The court distinguished Barclays Bank Plc v Unicredit Bank AG (formerly Bayerische Hypo-und Vereinsbank AG) [2014] EWCA Civ 302, in which the fact that the bank had only regarded its own commercial interests in refusing consent to an early termination of derivative transactions was found to be reasonable. In Unicredit, the clause required consent to be determined in a "commercially reasonable manner" and the nature of the reasonableness test was by reference to Wednesbury unreasonableness or a form of Braganzaduty, i.e. a test of rationality as opposed to the common law, reasonable person test. The key points of distinction made were as follows:
- In the instant case, the court saw no basis for a Wednesbury reasonableness test, given that the wording of the Clause followed the landlord and tenant-type clause (per Mount Eden, which applied a reasonable person test) and was different to the wording of the clause in Unicredit.
- Further, the court noted that the discretion considered by the Court of Appeal in Unicredit concerned the process or manner of the determination of whether to consent to the early termination, by contrast to the Clause in this case, which was about outcome.
The court noted that the Clause did not qualify or define its object or target in respect of the reasonableness of the refusal in any way, but stated it was "very hard to see why the scope of the [Clause] should go any further than a concern which [sic] the aim of permitting disposal of the [Property] at a proper price". In this context, the court held that the Bank's reasons for refusing the sale had no connection with the aim of getting a sale at a proper value at all. Although the proposed sale would have left a shortfall, the court noted that the value of the Property at the time of the Settlement Agreement was "very considerably" less than the outstanding indebtedness. As such there was no expectation at that time that a potential sale of the Property would pay off the entirety of the outstanding loan and so the position had not really changed. The court commented that, although the Bank's desire for more security was about the loan and its relationship with its debtors, that did not stop it from being a collateral purpose as the decision in Mount Eden made clear.

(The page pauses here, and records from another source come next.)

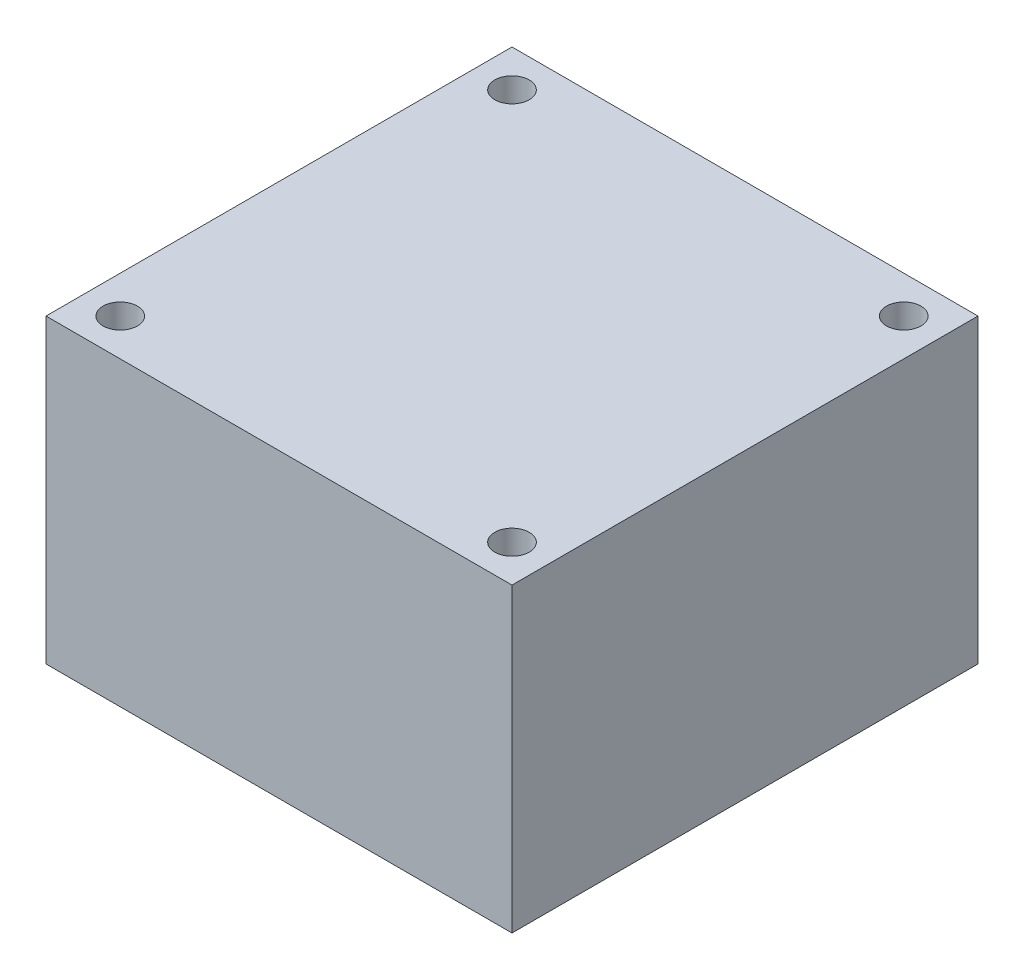
ISO-10303-21;
HEADER;
FILE_DESCRIPTION(('STEP AP214'),'2;1');
FILE_NAME('part.step','',(''),(''),'','','');
FILE_SCHEMA(('AUTOMOTIVE_DESIGN { 1 0 10303 214 1 1 1 1 }'));
ENDSEC;
DATA;
#1=APPLICATION_CONTEXT('core data for automotive mechanical design processes');
#2=APPLICATION_PROTOCOL_DEFINITION('international standard','automotive_design',2000,#1);
#3=PRODUCT_CONTEXT('',#1,'mechanical');
#4=PRODUCT('Part','Part','',(#3));
#5=PRODUCT_RELATED_PRODUCT_CATEGORY('part','',(#4));
#6=PRODUCT_DEFINITION_FORMATION('','',#4);
#7=PRODUCT_DEFINITION_CONTEXT('part definition',#1,'design');
#8=PRODUCT_DEFINITION('design','',#6,#7);
#9=PRODUCT_DEFINITION_SHAPE('','',#8);
#10=(LENGTH_UNIT() NAMED_UNIT(*) SI_UNIT(.MILLI.,.METRE.));
#11=(NAMED_UNIT(*) PLANE_ANGLE_UNIT() SI_UNIT($,.RADIAN.));
#12=(NAMED_UNIT(*) SI_UNIT($,.STERADIAN.) SOLID_ANGLE_UNIT());
#13=UNCERTAINTY_MEASURE_WITH_UNIT(LENGTH_MEASURE(1.E-05),#10,'distance_accuracy_value','');
#14=(GEOMETRIC_REPRESENTATION_CONTEXT(3) GLOBAL_UNCERTAINTY_ASSIGNED_CONTEXT((#13)) GLOBAL_UNIT_ASSIGNED_CONTEXT((#10,
#11,#12)) REPRESENTATION_CONTEXT('',''));
#15=CARTESIAN_POINT('',(0.,0.,0.));
#16=DIRECTION('',(0.,0.,1.));
#17=DIRECTION('',(1.,0.,0.));
#18=AXIS2_PLACEMENT_3D('',#15,#16,#17);
#19=CARTESIAN_POINT('',(0.,28.,0.));
#20=DIRECTION('',(0.,1.,0.));
#21=DIRECTION('',(0.,0.,1.));
#22=AXIS2_PLACEMENT_3D('',#19,#20,#21);
#23=PLANE('',#22);
#24=CARTESIAN_POINT('',(18.2,28.,18.2));
#25=DIRECTION('',(0.,1.,0.));
#26=DIRECTION('',(0.,0.,-1.));
#27=AXIS2_PLACEMENT_3D('',#24,#25,#26);
#28=CIRCLE('',#27,1.59999999999997);
#29=CARTESIAN_POINT('',(18.2,28.,16.6));
#30=VERTEX_POINT('',#29);
#31=EDGE_CURVE('E120',#30,#30,#28,.T.);
#32=ORIENTED_EDGE('',*,*,#31,.F.);
#33=EDGE_LOOP('',(#32));
#34=FACE_BOUND('',#33,.T.);
#35=CARTESIAN_POINT('',(18.2,28.,-18.2));
#36=DIRECTION('',(0.,1.,0.));
#37=DIRECTION('',(0.,0.,1.));
#38=AXIS2_PLACEMENT_3D('',#35,#36,#37);
#39=CIRCLE('',#38,1.6);
#40=CARTESIAN_POINT('',(18.2,28.,-16.6));
#41=VERTEX_POINT('',#40);
#42=EDGE_CURVE('E99',#41,#41,#39,.T.);
#43=ORIENTED_EDGE('',*,*,#42,.F.);
#44=EDGE_LOOP('',(#43));
#45=FACE_BOUND('',#44,.T.);
#46=DIRECTION('',(0.,0.,-1.));
#47=VECTOR('',#46,1.);
#48=CARTESIAN_POINT('',(21.65,28.,-21.65));
#49=LINE('',#48,#47);
#50=CARTESIAN_POINT('',(21.65,28.,21.65));
#51=VERTEX_POINT('',#50);
#52=CARTESIAN_POINT('',(21.65,28.,-21.65));
#53=VERTEX_POINT('',#52);
#54=EDGE_CURVE('E84',#51,#53,#49,.T.);
#55=ORIENTED_EDGE('',*,*,#54,.T.);
#56=DIRECTION('',(-1.,0.,0.));
#57=VECTOR('',#56,1.);
#58=CARTESIAN_POINT('',(-21.65,28.,-21.65));
#59=LINE('',#58,#57);
#60=CARTESIAN_POINT('',(-21.65,28.,-21.65));
#61=VERTEX_POINT('',#60);
#62=EDGE_CURVE('E79',#53,#61,#59,.T.);
#63=ORIENTED_EDGE('',*,*,#62,.T.);
#64=DIRECTION('',(0.,0.,1.));
#65=VECTOR('',#64,1.);
#66=CARTESIAN_POINT('',(-21.65,28.,-21.65));
#67=LINE('',#66,#65);
#68=CARTESIAN_POINT('',(-21.65,28.,21.65));
#69=VERTEX_POINT('',#68);
#70=EDGE_CURVE('E82',#61,#69,#67,.T.);
#71=ORIENTED_EDGE('',*,*,#70,.T.);
#72=DIRECTION('',(1.,0.,0.));
#73=VECTOR('',#72,1.);
#74=CARTESIAN_POINT('',(-21.65,28.,21.65));
#75=LINE('',#74,#73);
#76=EDGE_CURVE('E49',#69,#51,#75,.T.);
#77=ORIENTED_EDGE('',*,*,#76,.T.);
#78=EDGE_LOOP('',(#55,#63,#71,#77));
#79=FACE_BOUND('',#78,.T.);
#80=CARTESIAN_POINT('',(-18.2,28.,-18.2));
#81=DIRECTION('',(0.,1.,0.));
#82=DIRECTION('',(0.,0.,-1.));
#83=AXIS2_PLACEMENT_3D('',#80,#81,#82);
#84=CIRCLE('',#83,1.60000000000001);
#85=CARTESIAN_POINT('',(-18.2,28.,-19.8));
#86=VERTEX_POINT('',#85);
#87=EDGE_CURVE('E114',#86,#86,#84,.T.);
#88=ORIENTED_EDGE('',*,*,#87,.F.);
#89=EDGE_LOOP('',(#88));
#90=FACE_BOUND('',#89,.T.);
#91=CARTESIAN_POINT('',(-18.2,28.,18.2));
#92=DIRECTION('',(0.,1.,0.));
#93=DIRECTION('',(0.,0.,1.));
#94=AXIS2_PLACEMENT_3D('',#91,#92,#93);
#95=CIRCLE('',#94,1.60000000000002);
#96=CARTESIAN_POINT('',(-18.2,28.,19.8));
#97=VERTEX_POINT('',#96);
#98=EDGE_CURVE('E126',#97,#97,#95,.T.);
#99=ORIENTED_EDGE('',*,*,#98,.F.);
#100=EDGE_LOOP('',(#99));
#101=FACE_BOUND('',#100,.T.);
#102=ADVANCED_FACE('F32',(#34,#45,#79,#90,#101),#23,.T.);
#103=CARTESIAN_POINT('',(0.,0.,0.));
#104=DIRECTION('',(0.,1.,0.));
#105=DIRECTION('',(0.,0.,1.));
#106=AXIS2_PLACEMENT_3D('',#103,#104,#105);
#107=PLANE('',#106);
#108=DIRECTION('',(0.,0.,-1.));
#109=VECTOR('',#108,1.);
#110=CARTESIAN_POINT('',(21.65,0.,-21.65));
#111=LINE('',#110,#109);
#112=CARTESIAN_POINT('',(21.65,0.,21.65));
#113=VERTEX_POINT('',#112);
#114=CARTESIAN_POINT('',(21.65,0.,-21.65));
#115=VERTEX_POINT('',#114);
#116=EDGE_CURVE('E96',#113,#115,#111,.T.);
#117=ORIENTED_EDGE('',*,*,#116,.F.);
#118=DIRECTION('',(1.,0.,0.));
#119=VECTOR('',#118,1.);
#120=CARTESIAN_POINT('',(-21.65,0.,21.65));
#121=LINE('',#120,#119);
#122=CARTESIAN_POINT('',(-21.65,0.,21.65));
#123=VERTEX_POINT('',#122);
#124=EDGE_CURVE('E72',#123,#113,#121,.T.);
#125=ORIENTED_EDGE('',*,*,#124,.F.);
#126=DIRECTION('',(0.,0.,1.));
#127=VECTOR('',#126,1.);
#128=CARTESIAN_POINT('',(-21.65,0.,-21.65));
#129=LINE('',#128,#127);
#130=CARTESIAN_POINT('',(-21.65,0.,-21.65));
#131=VERTEX_POINT('',#130);
#132=EDGE_CURVE('E66',#131,#123,#129,.T.);
#133=ORIENTED_EDGE('',*,*,#132,.F.);
#134=DIRECTION('',(-1.,0.,0.));
#135=VECTOR('',#134,1.);
#136=CARTESIAN_POINT('',(-21.65,0.,-21.65));
#137=LINE('',#136,#135);
#138=EDGE_CURVE('E88',#115,#131,#137,.T.);
#139=ORIENTED_EDGE('',*,*,#138,.F.);
#140=EDGE_LOOP('',(#117,#125,#133,#139));
#141=FACE_BOUND('',#140,.T.);
#142=CARTESIAN_POINT('',(18.2,0.,-18.2));
#143=DIRECTION('',(0.,1.,0.));
#144=DIRECTION('',(0.,0.,1.));
#145=AXIS2_PLACEMENT_3D('',#142,#143,#144);
#146=CIRCLE('',#145,1.6);
#147=CARTESIAN_POINT('',(18.2,0.,-16.6));
#148=VERTEX_POINT('',#147);
#149=EDGE_CURVE('E111',#148,#148,#146,.T.);
#150=ORIENTED_EDGE('',*,*,#149,.T.);
#151=EDGE_LOOP('',(#150));
#152=FACE_BOUND('',#151,.T.);
#153=CARTESIAN_POINT('',(-18.2,0.,-18.2));
#154=DIRECTION('',(0.,1.,0.));
#155=DIRECTION('',(0.,0.,-1.));
#156=AXIS2_PLACEMENT_3D('',#153,#154,#155);
#157=CIRCLE('',#156,1.60000000000001);
#158=CARTESIAN_POINT('',(-18.2,0.,-19.8));
#159=VERTEX_POINT('',#158);
#160=EDGE_CURVE('E117',#159,#159,#157,.T.);
#161=ORIENTED_EDGE('',*,*,#160,.T.);
#162=EDGE_LOOP('',(#161));
#163=FACE_BOUND('',#162,.T.);
#164=CARTESIAN_POINT('',(18.2,0.,18.2));
#165=DIRECTION('',(0.,1.,0.));
#166=DIRECTION('',(0.,0.,-1.));
#167=AXIS2_PLACEMENT_3D('',#164,#165,#166);
#168=CIRCLE('',#167,1.59999999999997);
#169=CARTESIAN_POINT('',(18.2,0.,16.6));
#170=VERTEX_POINT('',#169);
#171=EDGE_CURVE('E123',#170,#170,#168,.T.);
#172=ORIENTED_EDGE('',*,*,#171,.T.);
#173=EDGE_LOOP('',(#172));
#174=FACE_BOUND('',#173,.T.);
#175=CARTESIAN_POINT('',(-18.2,0.,18.2));
#176=DIRECTION('',(0.,1.,0.));
#177=DIRECTION('',(0.,0.,1.));
#178=AXIS2_PLACEMENT_3D('',#175,#176,#177);
#179=CIRCLE('',#178,1.60000000000002);
#180=CARTESIAN_POINT('',(-18.2,0.,19.8));
#181=VERTEX_POINT('',#180);
#182=EDGE_CURVE('E129',#181,#181,#179,.T.);
#183=ORIENTED_EDGE('',*,*,#182,.T.);
#184=EDGE_LOOP('',(#183));
#185=FACE_BOUND('',#184,.T.);
#186=ADVANCED_FACE('F107',(#141,#152,#163,#174,#185),#107,.F.);
#187=CARTESIAN_POINT('',(21.65,28.,-21.65));
#188=DIRECTION('',(-1.,0.,0.));
#189=DIRECTION('',(0.,0.,1.));
#190=AXIS2_PLACEMENT_3D('',#187,#188,#189);
#191=PLANE('',#190);
#192=ORIENTED_EDGE('',*,*,#116,.T.);
#193=DIRECTION('',(0.,-1.,0.));
#194=VECTOR('',#193,1.);
#195=CARTESIAN_POINT('',(21.65,28.,-21.65));
#196=LINE('',#195,#194);
#197=EDGE_CURVE('E11',#53,#115,#196,.T.);
#198=ORIENTED_EDGE('',*,*,#197,.F.);
#199=ORIENTED_EDGE('',*,*,#54,.F.);
#200=DIRECTION('',(0.,-1.,0.));
#201=VECTOR('',#200,1.);
#202=CARTESIAN_POINT('',(21.65,28.,21.65));
#203=LINE('',#202,#201);
#204=EDGE_CURVE('E92',#51,#113,#203,.T.);
#205=ORIENTED_EDGE('',*,*,#204,.T.);
#206=EDGE_LOOP('',(#192,#198,#199,#205));
#207=FACE_BOUND('',#206,.T.);
#208=ADVANCED_FACE('F34',(#207),#191,.F.);
#209=CARTESIAN_POINT('',(-21.65,28.,-21.65));
#210=DIRECTION('',(0.,0.,1.));
#211=DIRECTION('',(1.,0.,0.));
#212=AXIS2_PLACEMENT_3D('',#209,#210,#211);
#213=PLANE('',#212);
#214=ORIENTED_EDGE('',*,*,#138,.T.);
#215=DIRECTION('',(0.,-1.,0.));
#216=VECTOR('',#215,1.);
#217=CARTESIAN_POINT('',(-21.65,28.,-21.65));
#218=LINE('',#217,#216);
#219=EDGE_CURVE('E41',#61,#131,#218,.T.);
#220=ORIENTED_EDGE('',*,*,#219,.F.);
#221=ORIENTED_EDGE('',*,*,#62,.F.);
#222=ORIENTED_EDGE('',*,*,#197,.T.);
#223=EDGE_LOOP('',(#214,#220,#221,#222));
#224=FACE_BOUND('',#223,.T.);
#225=ADVANCED_FACE('F87',(#224),#213,.F.);
#226=CARTESIAN_POINT('',(-21.65,28.,-21.65));
#227=DIRECTION('',(1.,0.,0.));
#228=DIRECTION('',(0.,0.,-1.));
#229=AXIS2_PLACEMENT_3D('',#226,#227,#228);
#230=PLANE('',#229);
#231=ORIENTED_EDGE('',*,*,#132,.T.);
#232=DIRECTION('',(0.,-1.,0.));
#233=VECTOR('',#232,1.);
#234=CARTESIAN_POINT('',(-21.65,28.,21.65));
#235=LINE('',#234,#233);
#236=EDGE_CURVE('E89',#69,#123,#235,.T.);
#237=ORIENTED_EDGE('',*,*,#236,.F.);
#238=ORIENTED_EDGE('',*,*,#70,.F.);
#239=ORIENTED_EDGE('',*,*,#219,.T.);
#240=EDGE_LOOP('',(#231,#237,#238,#239));
#241=FACE_BOUND('',#240,.T.);
#242=ADVANCED_FACE('F90',(#241),#230,.F.);
#243=CARTESIAN_POINT('',(-21.65,28.,21.65));
#244=DIRECTION('',(0.,0.,-1.));
#245=DIRECTION('',(-1.,0.,0.));
#246=AXIS2_PLACEMENT_3D('',#243,#244,#245);
#247=PLANE('',#246);
#248=ORIENTED_EDGE('',*,*,#124,.T.);
#249=ORIENTED_EDGE('',*,*,#204,.F.);
#250=ORIENTED_EDGE('',*,*,#76,.F.);
#251=ORIENTED_EDGE('',*,*,#236,.T.);
#252=EDGE_LOOP('',(#248,#249,#250,#251));
#253=FACE_BOUND('',#252,.T.);
#254=ADVANCED_FACE('F104',(#253),#247,.F.);
#255=CARTESIAN_POINT('',(18.2,28.,-18.2));
#256=DIRECTION('',(0.,-1.,0.));
#257=DIRECTION('',(0.,0.,-1.));
#258=AXIS2_PLACEMENT_3D('',#255,#256,#257);
#259=CYLINDRICAL_SURFACE('',#258,1.6);
#260=ORIENTED_EDGE('',*,*,#42,.T.);
#261=EDGE_LOOP('',(#260));
#262=FACE_BOUND('',#261,.T.);
#263=ORIENTED_EDGE('',*,*,#149,.F.);
#264=EDGE_LOOP('',(#263));
#265=FACE_BOUND('',#264,.T.);
#266=ADVANCED_FACE('F148',(#262,#265),#259,.F.);
#267=CARTESIAN_POINT('',(-18.2,28.,-18.2));
#268=DIRECTION('',(0.,-1.,0.));
#269=DIRECTION('',(0.,0.,-1.));
#270=AXIS2_PLACEMENT_3D('',#267,#268,#269);
#271=CYLINDRICAL_SURFACE('',#270,1.60000000000001);
#272=ORIENTED_EDGE('',*,*,#87,.T.);
#273=EDGE_LOOP('',(#272));
#274=FACE_BOUND('',#273,.T.);
#275=ORIENTED_EDGE('',*,*,#160,.F.);
#276=EDGE_LOOP('',(#275));
#277=FACE_BOUND('',#276,.T.);
#278=ADVANCED_FACE('F194',(#274,#277),#271,.F.);
#279=CARTESIAN_POINT('',(18.2,28.,18.2));
#280=DIRECTION('',(0.,-1.,0.));
#281=DIRECTION('',(0.,0.,-1.));
#282=AXIS2_PLACEMENT_3D('',#279,#280,#281);
#283=CYLINDRICAL_SURFACE('',#282,1.59999999999997);
#284=ORIENTED_EDGE('',*,*,#31,.T.);
#285=EDGE_LOOP('',(#284));
#286=FACE_BOUND('',#285,.T.);
#287=ORIENTED_EDGE('',*,*,#171,.F.);
#288=EDGE_LOOP('',(#287));
#289=FACE_BOUND('',#288,.T.);
#290=ADVANCED_FACE('F202',(#286,#289),#283,.F.);
#291=CARTESIAN_POINT('',(-18.2,28.,18.2));
#292=DIRECTION('',(0.,-1.,0.));
#293=DIRECTION('',(0.,0.,-1.));
#294=AXIS2_PLACEMENT_3D('',#291,#292,#293);
#295=CYLINDRICAL_SURFACE('',#294,1.60000000000002);
#296=ORIENTED_EDGE('',*,*,#98,.T.);
#297=EDGE_LOOP('',(#296));
#298=FACE_BOUND('',#297,.T.);
#299=ORIENTED_EDGE('',*,*,#182,.F.);
#300=EDGE_LOOP('',(#299));
#301=FACE_BOUND('',#300,.T.);
#302=ADVANCED_FACE('F135',(#298,#301),#295,.F.);
#303=CLOSED_SHELL('',(#102,#186,#208,#225,#242,#254,#266,#278,#290,#302));
#304=MANIFOLD_SOLID_BREP('B2',#303);
#305=ADVANCED_BREP_SHAPE_REPRESENTATION('',(#18,#304),#14);
#306=SHAPE_DEFINITION_REPRESENTATION(#9,#305);
ENDSEC;
END-ISO-10303-21;

Accordingly, the court held that the disputed Clause should be construed so that the reasonableness of the discretion exercised by the Bank was determined by reference to whether the proposed sale was "at fair market value and at arm's length". The court did not accept that the reasonableness criteria in that context was limited to ensuring that the Bank acted in a Wednesbury reasonable or rational way in reaching its decision. Consequently, upon the facts of the case, the Bank's refusal to the sale was deemed unreasonable.